Task details: Start at the line below containing "n9.operation = 'LESS_EQUAL'" and stop at the line containing "me_cube_002 = bpy.data.meshes.new('Cube.002')". Repeat every line of that stretch exactly, and nothing outside it.

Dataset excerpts
━━━━
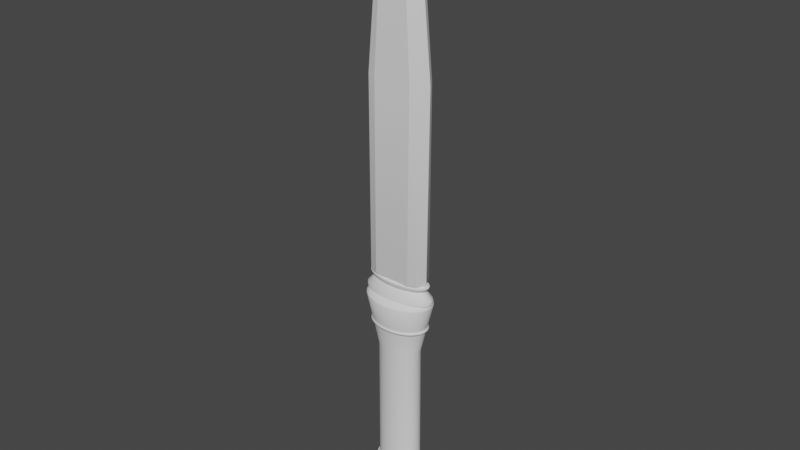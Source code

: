 # Source: References.blend  (saved by Blender 3.0.42; exported with 4.5.12 LTS)
import bpy
from mathutils import Matrix  # noqa: F401  (used for matrix-valued properties, if any)

bpy.ops.wm.read_factory_settings(use_empty=True)
scene = bpy.context.scene
scene.name = 'Scene'

# ---- collections
col_references = bpy.data.collections.new('References'); scene.collection.children.link(col_references)
col_blade = bpy.data.collections.new('Blade'); scene.collection.children.link(col_blade)
col_handle = bpy.data.collections.new('Handle'); scene.collection.children.link(col_handle)

# ---- node groups
ng_auto_smooth = bpy.data.node_groups.new('Auto Smooth', 'GeometryNodeTree')
_s = ng_auto_smooth.interface.new_socket(name='Geometry', in_out='OUTPUT', socket_type='NodeSocketGeometry')
_s = ng_auto_smooth.interface.new_socket(name='Geometry', in_out='INPUT', socket_type='NodeSocketGeometry')
_s = ng_auto_smooth.interface.new_socket(name='Angle', in_out='INPUT', socket_type='NodeSocketFloat')
_s.subtype = 'ANGLE'
_s.min_value = 0.0
_s.max_value = 3.142
ng_auto_smooth.is_modifier = True
_N = ng_auto_smooth.nodes; _L = ng_auto_smooth.links
n0 = _N.new('NodeGroupOutput'); n0.name = 'Group Output'; n0.location = (480, -100)
n1 = _N.new('NodeGroupInput'); n1.name = 'Group Input'; n1.location = (-420, -300)
n2 = _N.new('NodeGroupInput'); n2.name = 'Group Input.001'; n2.location = (-60, -100)
n3 = _N.new('GeometryNodeSetShadeSmooth'); n3.name = 'Set Shade Smooth'; n3.location = (120, -100)
n3.domain = 'EDGE'
n4 = _N.new('GeometryNodeSetShadeSmooth'); n4.name = 'Set Shade Smooth.001'; n4.location = (300, -100)
n5 = _N.new('GeometryNodeInputMeshEdgeAngle'); n5.name = 'Edge Angle'; n5.location = (-420, -220)
n6 = _N.new('GeometryNodeInputEdgeSmooth'); n6.name = 'Is Edge Smooth'; n6.location = (-60, -160)
n7 = _N.new('GeometryNodeInputShadeSmooth'); n7.name = 'Is Face Smooth'; n7.location = (-240, -340)
n8 = _N.new('FunctionNodeBooleanMath'); n8.name = 'Boolean Math'; n8.location = (-60, -220)
n9 = _N.new('FunctionNodeCompare'); n9.name = 'Compare'; n9.location = (-240, -180)
n9.operation = 'LESS_EQUAL'
_L.new(n5.outputs[0], n9.inputs[0])
_L.new(n4.outputs[0], n0.inputs[0])
_L.new(n1.outputs[1], n9.inputs[1])
_L.new(n9.outputs[0], n8.inputs[0])
_L.new(n7.outputs[0], n8.inputs[1])
_L.new(n2.outputs[0], n3.inputs[0])
_L.new(n6.outputs[0], n3.inputs[1])
_L.new(n3.outputs[0], n4.inputs[0])
_L.new(n8.outputs[0], n3.inputs[2])
n0.is_active_output = True

# ---- world
world_world = bpy.data.worlds.new('World'); scene.world = world_world
world_world.use_nodes = True; world_world.node_tree.nodes.clear()
_N = world_world.node_tree.nodes; _L = world_world.node_tree.links
n0 = _N.new('ShaderNodeOutputWorld'); n0.name = 'World Output'; n0.location = (300, 300)
n1 = _N.new('ShaderNodeBackground'); n1.name = 'Background'; n1.location = (10, 300)
n1.inputs[0].default_value = (0.05088, 0.05088, 0.05088, 1.0)
_L.new(n1.outputs[0], n0.inputs[0])
n0.is_active_output = True
world_world.color = (0.05088, 0.05088, 0.05088)
world_world.use_sun_shadow = False
world_world.sun_shadow_jitter_overblur = 0.0

# ---- meshes
me_cube_002 = bpy.data.meshes.new('Cube.002')
me_cube_002.from_pydata([(-0.1287, -0.07181, -0.4434), (-0.1904, -0.04953, -0.4434), (-0.1503, -0.08532, 1.099), (-0.2188, -0.06472, 1.099), (-0.1904, 0.04953, -0.4434), (-0.1287, 0.07181, -0.4434), (-0.2188, 0.06472, 1.099), (-0.1503, 0.08532, 1.099), (0.1904, -0.04953, -0.4434), (0.1287, -0.07181, -0.4434), (0.2188, -0.06472, 1.099), (0.1503, -0.08532, 1.099), (0.1287, 0.07181, -0.4434), (0.1904, 0.04953, -0.4434), (0.1503, 0.08532, 1.099), (0.2188, 0.06472, 1.099), (-0.115, -0.07836, 1.701), (-0.1703, -0.05776, 1.701), (-0.1703, 0.05776, 1.701), (-0.115, 0.07836, 1.701), (0.115, 0.07836, 1.701), (0.1703, 0.05776, 1.701), (0.1703, -0.05776, 1.701), (0.115, -0.07836, 1.701), (-0.05071, -0.05916, 2.143), (-0.08592, -0.03855, 2.143), (-0.08592, 0.03855, 2.143), (-0.05071, 0.05916, 2.143), (0.05071, 0.05916, 2.143), (0.08592, 0.03855, 2.143), (0.08592, -0.03855, 2.143), (0.05071, -0.05916, 2.143), (-1.434e-09, 0.0, 2.382), (0.2229, 1.795e-10, -0.4434), (0.2561, 0.0, 1.099), (0.1994, 0.0, 1.701), (0.1006, 0.0, 2.143), (-0.2229, 1.795e-10, -0.4434), (-0.2561, 0.0, 1.099), (-0.1994, 0.0, 1.701), (-0.1006, 0.0, 2.143), (-0.144, -0.097, -0.3806), (0.144, 0.097, -0.3806), (-0.2069, 0.07641, -0.3806), (-0.2069, -0.07641, -0.3806), (0.144, -0.097, -0.3806), (0.2422, 0.0, -0.3806), (0.2069, 0.07641, -0.3806), (-0.2422, 0.0, -0.3806), (-0.144, 0.097, -0.3806), (0.2069, -0.07641, -0.3806)], [], [(9, 45, 41, 0), (14, 7, 19, 20), (34, 15, 21, 35), (38, 3, 17, 39), (37, 48, 43, 4), (33, 46, 50, 8), (20, 19, 27, 28), (39, 17, 25, 40), (2, 11, 23, 16), (5, 49, 42, 12), (30, 36, 32), (35, 21, 29, 36), (26, 40, 32), (16, 23, 31, 24), (24, 31, 32), (28, 27, 32), (0, 41, 44, 1), (7, 49, 43, 6), (15, 47, 42, 14), (11, 45, 50, 10), (6, 18, 19, 7), (21, 15, 14, 20), (23, 11, 10, 22), (2, 16, 17, 3), (22, 30, 31, 23), (25, 17, 16, 24), (18, 26, 27, 19), (29, 21, 20, 28), (26, 32, 27), (32, 29, 28), (32, 31, 30), (24, 32, 25), (4, 5, 12, 13, 33, 8, 9, 0, 1, 37), (22, 35, 36, 30), (13, 47, 46, 33), (10, 34, 35, 22), (18, 39, 40, 26), (32, 36, 29), (1, 44, 48, 37), (6, 38, 39, 18), (32, 40, 25), (50, 45, 9, 8), (42, 49, 7, 14), (44, 41, 2, 3), (43, 49, 5, 4), (50, 46, 34, 10), (43, 48, 38, 6), (42, 47, 13, 12), (48, 44, 3, 38), (46, 47, 15, 34), (41, 45, 11, 2)])
me_cube_002.polygons.foreach_set('use_smooth', [True] * 51)
_k = set([(0, 41), (2, 16), (2, 41), (5, 49), (7, 19), (7, 49), (9, 45), (11, 23), (11, 45), (12, 42), (14, 20), (14, 42), (16, 24), (19, 27), (20, 28), (23, 31), (24, 32), (27, 32), (28, 32), (31, 32), (32, 36), (32, 40), (33, 46), (34, 35), (34, 46), (35, 36), (37, 48), (38, 39), (38, 48), (39, 40)])
me_cube_002.attributes.new('sharp_edge', 'BOOLEAN', 'EDGE').data.foreach_set('value', [ (min(e.vertices), max(e.vertices)) in _k for e in me_cube_002.edges])
_uv = me_cube_002.uv_layers.new(name='UVMap')
_uv.uv.foreach_set('vector', [0.375, 0.7606, 0.3838, 0.7607, 0.3838, 0.9893, 0.375, 0.9894, 0.599, 0.4878, 0.599, 0.2622, 0.625, 0.2641, 0.625, 0.4859, 0.599, 0.625, 0.599, 0.5302, 0.625, 0.5329, 0.625, 0.625, 0.599, 0.125, 0.599, 0.03024, 0.625, 0.03286, 0.625, 0.125, 0.375, 0.125, 0.3838, 0.125, 0.3838, 0.2234, 0.375, 0.2236, 0.375, 0.625, 0.3838, 0.625, 0.3838, 0.7234, 0.375, 0.7236, 0.625, 0.4859, 0.625, 0.2641, 0.625, 0.278, 0.625, 0.472, 0.625, 0.125, 0.625, 0.03286, 0.625, 0.04354, 0.625, 0.125, 0.599, 0.9878, 0.599, 0.7622, 0.625, 0.7641, 0.625, 0.9859, 0.375, 0.2606, 0.3838, 0.2607, 0.3838, 0.4893, 0.375, 0.4894, 0.625, 0.7065, 0.625, 0.625, 0.625, 0.6836, 0.625, 0.625, 0.625, 0.5329, 0.625, 0.5435, 0.625, 0.625, 0.625, 0.2065, 0.625, 0.125, 0.625, 0.1836, 0.625, 0.9859, 0.625, 0.7641, 0.625, 0.778, 0.625, 0.972, 0.625, 0.972, 0.625, 0.778, 0.625, 0.8938, 0.625, 0.472, 0.625, 0.278, 0.625, 0.3938, 0.3751, 0.0, 0.3839, 0.0, 0.3838, 0.02656, 0.375, 0.02641, 0.599, 0.2622, 0.3838, 0.2607, 0.3838, 0.2234, 0.599, 0.2198, 0.599, 0.5302, 0.3838, 0.5266, 0.3838, 0.4893, 0.599, 0.4878, 0.599, 0.7622, 0.3838, 0.7607, 0.3838, 0.7234, 0.599, 0.7198, 0.599, 0.2198, 0.625, 0.2171, 0.625, 0.2641, 0.599, 0.2622, 0.625, 0.5329, 0.599, 0.5302, 0.599, 0.4878, 0.625, 0.4859, 0.625, 0.7641, 0.599, 0.7622, 0.599, 0.7198, 0.625, 0.7171, 0.599, 0.0, 0.625, 0.0, 0.625, 0.03286, 0.599, 0.03024, 0.625, 0.7171, 0.625, 0.7065, 0.625, 0.778, 0.625, 0.7641, 0.625, 0.04354, 0.625, 0.03286, 0.625, 0.0, 0.625, 0.0, 0.625, 0.2171, 0.625, 0.2065, 0.625, 0.278, 0.625, 0.2641, 0.625, 0.5435, 0.625, 0.5329, 0.625, 0.4859, 0.625, 0.472, 0.625, 0.2065, 0.625, 0.3562, 0.625, 0.278, 0.625, 0.5664, 0.625, 0.5435, 0.625, 0.472, 0.625, 0.8562, 0.625, 0.778, 0.625, 0.7065, 0.625, 0.0, 0.625, 0.06639, 0.625, 0.04354, 0.125, 0.5264, 0.1356, 0.5, 0.3644, 0.5, 0.375, 0.5264, 0.375, 0.625, 0.375, 0.7236, 0.3644, 0.75, 0.1356, 0.75, 0.125, 0.7236, 0.125, 0.625, 0.625, 0.7171, 0.625, 0.625, 0.625, 0.625, 0.625, 0.7065, 0.375, 0.5264, 0.3838, 0.5266, 0.3838, 0.625, 0.375, 0.625, 0.599, 0.7198, 0.599, 0.625, 0.625, 0.625, 0.625, 0.7171, 0.625, 0.2171, 0.625, 0.125, 0.625, 0.125, 0.625, 0.2065, 0.625, 0.6836, 0.625, 0.625, 0.625, 0.5435, 0.375, 0.02641, 0.3838, 0.02656, 0.3838, 0.125, 0.375, 0.125, 0.599, 0.2198, 0.599, 0.125, 0.625, 0.125, 0.625, 0.2171, 0.625, 0.1836, 0.625, 0.125, 0.625, 0.04354, 0.3838, 0.7234, 0.3838, 0.7607, 0.375, 0.7606, 0.375, 0.7236, 0.3838, 0.4893, 0.3838, 0.2607, 0.599, 0.2622, 0.599, 0.4878, 0.3838, 0.02656, 0.3839, 0.0, 0.599, 0.0, 0.599, 0.03024, 0.3838, 0.2234, 0.3838, 0.2607, 0.375, 0.2606, 0.375, 0.2236, 0.3838, 0.7234, 0.3838, 0.625, 0.599, 0.625, 0.599, 0.7198, 0.3838, 0.2234, 0.3838, 0.125, 0.599, 0.125, 0.599, 0.2198, 0.3838, 0.4893, 0.3838, 0.5266, 0.375, 0.5264, 0.375, 0.4894, 0.3838, 0.125, 0.3838, 0.02656, 0.599, 0.03024, 0.599, 0.125, 0.3838, 0.625, 0.3838, 0.5266, 0.599, 0.5302, 0.599, 0.625, 0.3838, 0.9893, 0.3838, 0.7607, 0.599, 0.7622, 0.599, 0.9878])
me_cube_002.use_remesh_fix_poles = True
me_cube_002.use_remesh_preserve_attributes = False
me_cube_002.update()
me_cylinder = bpy.data.meshes.new('Cylinder')
me_cylinder.from_pydata([(5.463e-08, 0.1325, -0.5488), (5.463e-08, 0.1325, -0.5158), (0.05588, 0.13, -0.5488), (0.05588, 0.13, -0.5158), (0.1096, 0.1224, -0.5488), (0.1096, 0.1224, -0.5158), (0.1591, 0.1102, -0.5488), (0.1591, 0.1102, -0.5158), (0.2025, 0.0937, -0.5488), (0.2025, 0.0937, -0.5158), (0.2382, 0.07362, -0.5488), (0.2382, 0.07362, -0.5158), (0.2646, 0.05071, -0.5488), (0.2646, 0.05071, -0.5158), (0.2809, 0.02585, -0.5488), (0.2809, 0.02585, -0.5158), (0.2864, -2.201e-08, -0.5488), (0.2864, -2.201e-08, -0.5158), (0.2809, -0.02585, -0.5488), (0.2809, -0.02585, -0.5158), (0.2646, -0.05071, -0.5488), (0.2646, -0.05071, -0.5158), (0.2382, -0.07362, -0.5488), (0.2382, -0.07362, -0.5158), (0.2025, -0.0937, -0.5488), (0.2025, -0.0937, -0.5158), (0.1591, -0.1102, -0.5488), (0.1591, -0.1102, -0.5158), (0.1096, -0.1224, -0.5488), (0.1096, -0.1224, -0.5158), (0.05588, -0.13, -0.5488), (0.05588, -0.13, -0.5158), (2.959e-08, -0.1325, -0.5488), (2.959e-08, -0.1325, -0.5158), (-0.05588, -0.13, -0.5488), (-0.05588, -0.13, -0.5158), (-0.1096, -0.1224, -0.5488), (-0.1096, -0.1224, -0.5158), (-0.1591, -0.1102, -0.5488), (-0.1591, -0.1102, -0.5158), (-0.2025, -0.0937, -0.5488), (-0.2025, -0.0937, -0.5158), (-0.2382, -0.07362, -0.5488), (-0.2382, -0.07362, -0.5158), (-0.2646, -0.05071, -0.5488), (-0.2646, -0.05071, -0.5158), (-0.2809, -0.02585, -0.5488), (-0.2809, -0.02585, -0.5158), (-0.2864, -1.464e-08, -0.5488), (-0.2864, -1.464e-08, -0.5158), (-0.2809, 0.02585, -0.5488), (-0.2809, 0.02585, -0.5158), (-0.2646, 0.05071, -0.5488), (-0.2646, 0.05071, -0.5158), (-0.2382, 0.07362, -0.5488), (-0.2382, 0.07362, -0.5158), (-0.2025, 0.0937, -0.5488), (-0.2025, 0.0937, -0.5158), (-0.1591, 0.1102, -0.5488), (-0.1591, 0.1102, -0.5158), (-0.1096, 0.1224, -0.5488), (-0.1096, 0.1224, -0.5158), (-0.05588, 0.13, -0.5488), (-0.05588, 0.13, -0.5158), (5.535e-08, 0.09112, -0.4561), (0.04428, 0.08937, -0.4561), (0.08685, 0.08418, -0.4561), (0.1261, 0.07576, -0.4561), (0.1605, 0.06443, -0.4561), (0.1887, 0.05062, -0.4561), (0.2097, 0.03487, -0.4561), (0.2226, 0.01778, -0.4561), (0.227, -1.811e-08, -0.4561), (0.2226, -0.01778, -0.4561), (0.2097, -0.03487, -0.4561), (0.1887, -0.05062, -0.4561), (0.1605, -0.06443, -0.4561), (0.1261, -0.07576, -0.4561), (0.08685, -0.08418, -0.4561), (0.04428, -0.08937, -0.4561), (3.551e-08, -0.09112, -0.4561), (-0.04428, -0.08937, -0.4561), (-0.08685, -0.08418, -0.4561), (-0.1261, -0.07576, -0.4561), (-0.1605, -0.06443, -0.4561), (-0.1887, -0.05062, -0.4561), (-0.2097, -0.03487, -0.4561), (-0.2226, -0.01778, -0.4561), (-0.227, -1.305e-08, -0.4561), (-0.2226, 0.01778, -0.4561), (-0.2097, 0.03487, -0.4561), (-0.1887, 0.05062, -0.4561), (-0.1605, 0.06443, -0.4561), (-0.1261, 0.07576, -0.4561), (-0.08685, 0.08418, -0.4561), (-0.04428, 0.08937, -0.4561), (5.49e-08, 0.1001, -0.437), (0.04862, 0.09814, -0.437), (0.09538, 0.09245, -0.437), (0.1385, 0.0832, -0.437), (0.1762, 0.07076, -0.437), (0.2072, 0.05559, -0.437), (0.2303, 0.03829, -0.437), (0.2444, 0.01952, -0.437), (0.2492, -1.886e-08, -0.437), (0.2444, -0.01952, -0.437), (0.2303, -0.03829, -0.437), (0.2072, -0.05559, -0.437), (0.1762, -0.07076, -0.437), (0.1385, -0.0832, -0.437), (0.09538, -0.09245, -0.437), (0.04862, -0.09814, -0.437), (3.312e-08, -0.1001, -0.437), (-0.04862, -0.09814, -0.437), (-0.09538, -0.09245, -0.437), (-0.1385, -0.0832, -0.437), (-0.1762, -0.07076, -0.437), (-0.2072, -0.05559, -0.437), (-0.2303, -0.03829, -0.437), (-0.2444, -0.01952, -0.437), (-0.2492, -1.329e-08, -0.437), (-0.2444, 0.01952, -0.437), (-0.2303, 0.03829, -0.437), (-0.2072, 0.05559, -0.437), (-0.1762, 0.07076, -0.437), (-0.1385, 0.0832, -0.437), (-0.09538, 0.09245, -0.437), (-0.04862, 0.09814, -0.437), (5.531e-08, 0.1045, -0.4237), (0.0508, 0.1025, -0.4237), (0.09964, 0.09658, -0.4237), (0.1447, 0.08692, -0.4237), (0.1841, 0.07392, -0.4237), (0.2165, 0.05808, -0.4237), (0.2406, 0.04001, -0.4237), (0.2554, 0.02039, -0.4237), (0.2604, -1.925e-08, -0.4237), (0.2554, -0.02039, -0.4237), (0.2406, -0.04001, -0.4237), (0.2165, -0.05808, -0.4237), (0.1841, -0.07392, -0.4237), (0.1447, -0.08692, -0.4237), (0.09964, -0.09658, -0.4237), (0.0508, -0.1025, -0.4237), (3.255e-08, -0.1045, -0.4237), (-0.0508, -0.1025, -0.4237), (-0.09964, -0.09658, -0.4237), (-0.1447, -0.08692, -0.4237), (-0.1841, -0.07392, -0.4237), (-0.2165, -0.05808, -0.4237), (-0.2406, -0.04001, -0.4237), (-0.2554, -0.02039, -0.4237), (-0.2604, -1.344e-08, -0.4237), (-0.2554, 0.02039, -0.4237), (-0.2406, 0.04001, -0.4237), (-0.2165, 0.05808, -0.4237), (-0.1841, 0.07392, -0.4237), (-0.1447, 0.08692, -0.4237), (-0.09964, 0.09658, -0.4237), (-0.0508, 0.1025, -0.4237), (5.555e-08, 0.1045, -0.4151), (0.0508, 0.1025, -0.4151), (0.09964, 0.09658, -0.4151), (0.1447, 0.08692, -0.4151), (0.1841, 0.07392, -0.4151), (0.2165, 0.05808, -0.4151), (0.2406, 0.04001, -0.4151), (0.2554, 0.02039, -0.4151), (0.2604, -1.925e-08, -0.4151), (0.2554, -0.02039, -0.4151), (0.2406, -0.04001, -0.4151), (0.2165, -0.05808, -0.4151), (0.1841, -0.07392, -0.4151), (0.1447, -0.08692, -0.4151), (0.09964, -0.09658, -0.4151), (0.0508, -0.1025, -0.4151), (3.278e-08, -0.1045, -0.4151), (-0.0508, -0.1025, -0.4151), (-0.09964, -0.09658, -0.4151), (-0.1447, -0.08692, -0.4151), (-0.1841, -0.07392, -0.4151), (-0.2165, -0.05808, -0.4151), (-0.2406, -0.04001, -0.4151), (-0.2554, -0.02039, -0.4151), (-0.2604, -1.344e-08, -0.4151), (-0.2554, 0.02039, -0.4151), (-0.2406, 0.04001, -0.4151), (-0.2165, 0.05808, -0.4151), (-0.1841, 0.07392, -0.4151), (-0.1447, 0.08692, -0.4151), (-0.09964, 0.09658, -0.4151), (-0.0508, 0.1025, -0.4151), (5.619e-08, 0.06006, -0.402), (0.02919, 0.05891, -0.402), (0.05725, 0.05549, -0.402), (0.08312, 0.04994, -0.402), (0.1058, 0.04247, -0.402), (0.1244, 0.03337, -0.402), (0.1382, 0.02299, -0.402), (0.1467, 0.01172, -0.402), (0.1496, -1.609e-08, -0.402), (0.1467, -0.01172, -0.402), (0.1382, -0.02299, -0.402), (0.1244, -0.03337, -0.402), (0.1058, -0.04247, -0.402), (0.08312, -0.04994, -0.402), (0.05725, -0.05549, -0.402), (0.02919, -0.05891, -0.402), (4.311e-08, -0.06006, -0.402), (-0.02919, -0.05891, -0.402), (-0.05725, -0.05549, -0.402), (-0.08311, -0.04994, -0.402), (-0.1058, -0.04247, -0.402), (-0.1244, -0.03337, -0.402), (-0.1382, -0.02299, -0.402), (-0.1467, -0.01172, -0.402), (-0.1496, -1.274e-08, -0.402), (-0.1467, 0.01172, -0.402), (-0.1382, 0.02299, -0.402), (-0.1244, 0.03337, -0.402), (-0.1058, 0.04247, -0.402), (-0.08311, 0.04994, -0.402), (-0.05725, 0.05549, -0.402), (-0.02919, 0.05891, -0.402)], [], [(0, 1, 3, 2), (2, 3, 5, 4), (4, 5, 7, 6), (6, 7, 9, 8), (8, 9, 11, 10), (10, 11, 13, 12), (12, 13, 15, 14), (14, 15, 17, 16), (16, 17, 19, 18), (18, 19, 21, 20), (20, 21, 23, 22), (22, 23, 25, 24), (24, 25, 27, 26), (26, 27, 29, 28), (28, 29, 31, 30), (30, 31, 33, 32), (32, 33, 35, 34), (34, 35, 37, 36), (36, 37, 39, 38), (38, 39, 41, 40), (40, 41, 43, 42), (42, 43, 45, 44), (44, 45, 47, 46), (46, 47, 49, 48), (48, 49, 51, 50), (50, 51, 53, 52), (52, 53, 55, 54), (54, 55, 57, 56), (56, 57, 59, 58), (58, 59, 61, 60), (15, 13, 70, 71), (60, 61, 63, 62), (62, 63, 1, 0), (0, 2, 4, 6, 8, 10, 12, 14, 16, 18, 20, 22, 24, 26, 28, 30, 32, 34, 36, 38, 40, 42, 44, 46, 48, 50, 52, 54, 56, 58, 60, 62), (86, 85, 117, 118), (33, 31, 79, 80), (51, 49, 88, 89), (7, 5, 66, 67), (25, 23, 75, 76), (43, 41, 84, 85), (61, 59, 93, 94), (17, 15, 71, 72), (35, 33, 80, 81), (53, 51, 89, 90), (9, 7, 67, 68), (27, 25, 76, 77), (45, 43, 85, 86), (63, 61, 94, 95), (19, 17, 72, 73), (37, 35, 81, 82), (55, 53, 90, 91), (11, 9, 68, 69), (29, 27, 77, 78), (47, 45, 86, 87), (3, 1, 64, 65), (1, 63, 95, 64), (21, 19, 73, 74), (39, 37, 82, 83), (57, 55, 91, 92), (13, 11, 69, 70), (31, 29, 78, 79), (49, 47, 87, 88), (5, 3, 65, 66), (23, 21, 74, 75), (41, 39, 83, 84), (59, 57, 92, 93), (121, 120, 152, 153), (73, 72, 104, 105), (87, 86, 118, 119), (74, 73, 105, 106), (88, 87, 119, 120), (75, 74, 106, 107), (89, 88, 120, 121), (76, 75, 107, 108), (90, 89, 121, 122), (77, 76, 108, 109), (91, 90, 122, 123), (78, 77, 109, 110), (65, 64, 96, 97), (92, 91, 123, 124), (79, 78, 110, 111), (66, 65, 97, 98), (93, 92, 124, 125), (80, 79, 111, 112), (67, 66, 98, 99), (94, 93, 125, 126), (81, 80, 112, 113), (68, 67, 99, 100), (95, 94, 126, 127), (82, 81, 113, 114), (69, 68, 100, 101), (64, 95, 127, 96), (83, 82, 114, 115), (70, 69, 101, 102), (84, 83, 115, 116), (71, 70, 102, 103), (85, 84, 116, 117), (72, 71, 103, 104), (129, 128, 160, 161), (108, 107, 139, 140), (122, 121, 153, 154), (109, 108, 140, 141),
━━━━
Your response:
n9.operation = 'LESS_EQUAL'
_L.new(n5.outputs[0], n9.inputs[0])
_L.new(n4.outputs[0], n0.inputs[0])
_L.new(n1.outputs[1], n9.inputs[1])
_L.new(n9.outputs[0], n8.inputs[0])
_L.new(n7.outputs[0], n8.inputs[1])
_L.new(n2.outputs[0], n3.inputs[0])
_L.new(n6.outputs[0], n3.inputs[1])
_L.new(n3.outputs[0], n4.inputs[0])
_L.new(n8.outputs[0], n3.inputs[2])
n0.is_active_output = True

# ---- world
world_world = bpy.data.worlds.new('World'); scene.world = world_world
world_world.use_nodes = True; world_world.node_tree.nodes.clear()
_N = world_world.node_tree.nodes; _L = world_world.node_tree.links
n0 = _N.new('ShaderNodeOutputWorld'); n0.name = 'World Output'; n0.location = (300, 300)
n1 = _N.new('ShaderNodeBackground'); n1.name = 'Background'; n1.location = (10, 300)
n1.inputs[0].default_value = (0.05088, 0.05088, 0.05088, 1.0)
_L.new(n1.outputs[0], n0.inputs[0])
n0.is_active_output = True
world_world.color = (0.05088, 0.05088, 0.05088)
world_world.use_sun_shadow = False
world_world.sun_shadow_jitter_overblur = 0.0

# ---- meshes
me_cube_002 = bpy.data.meshes.new('Cube.002')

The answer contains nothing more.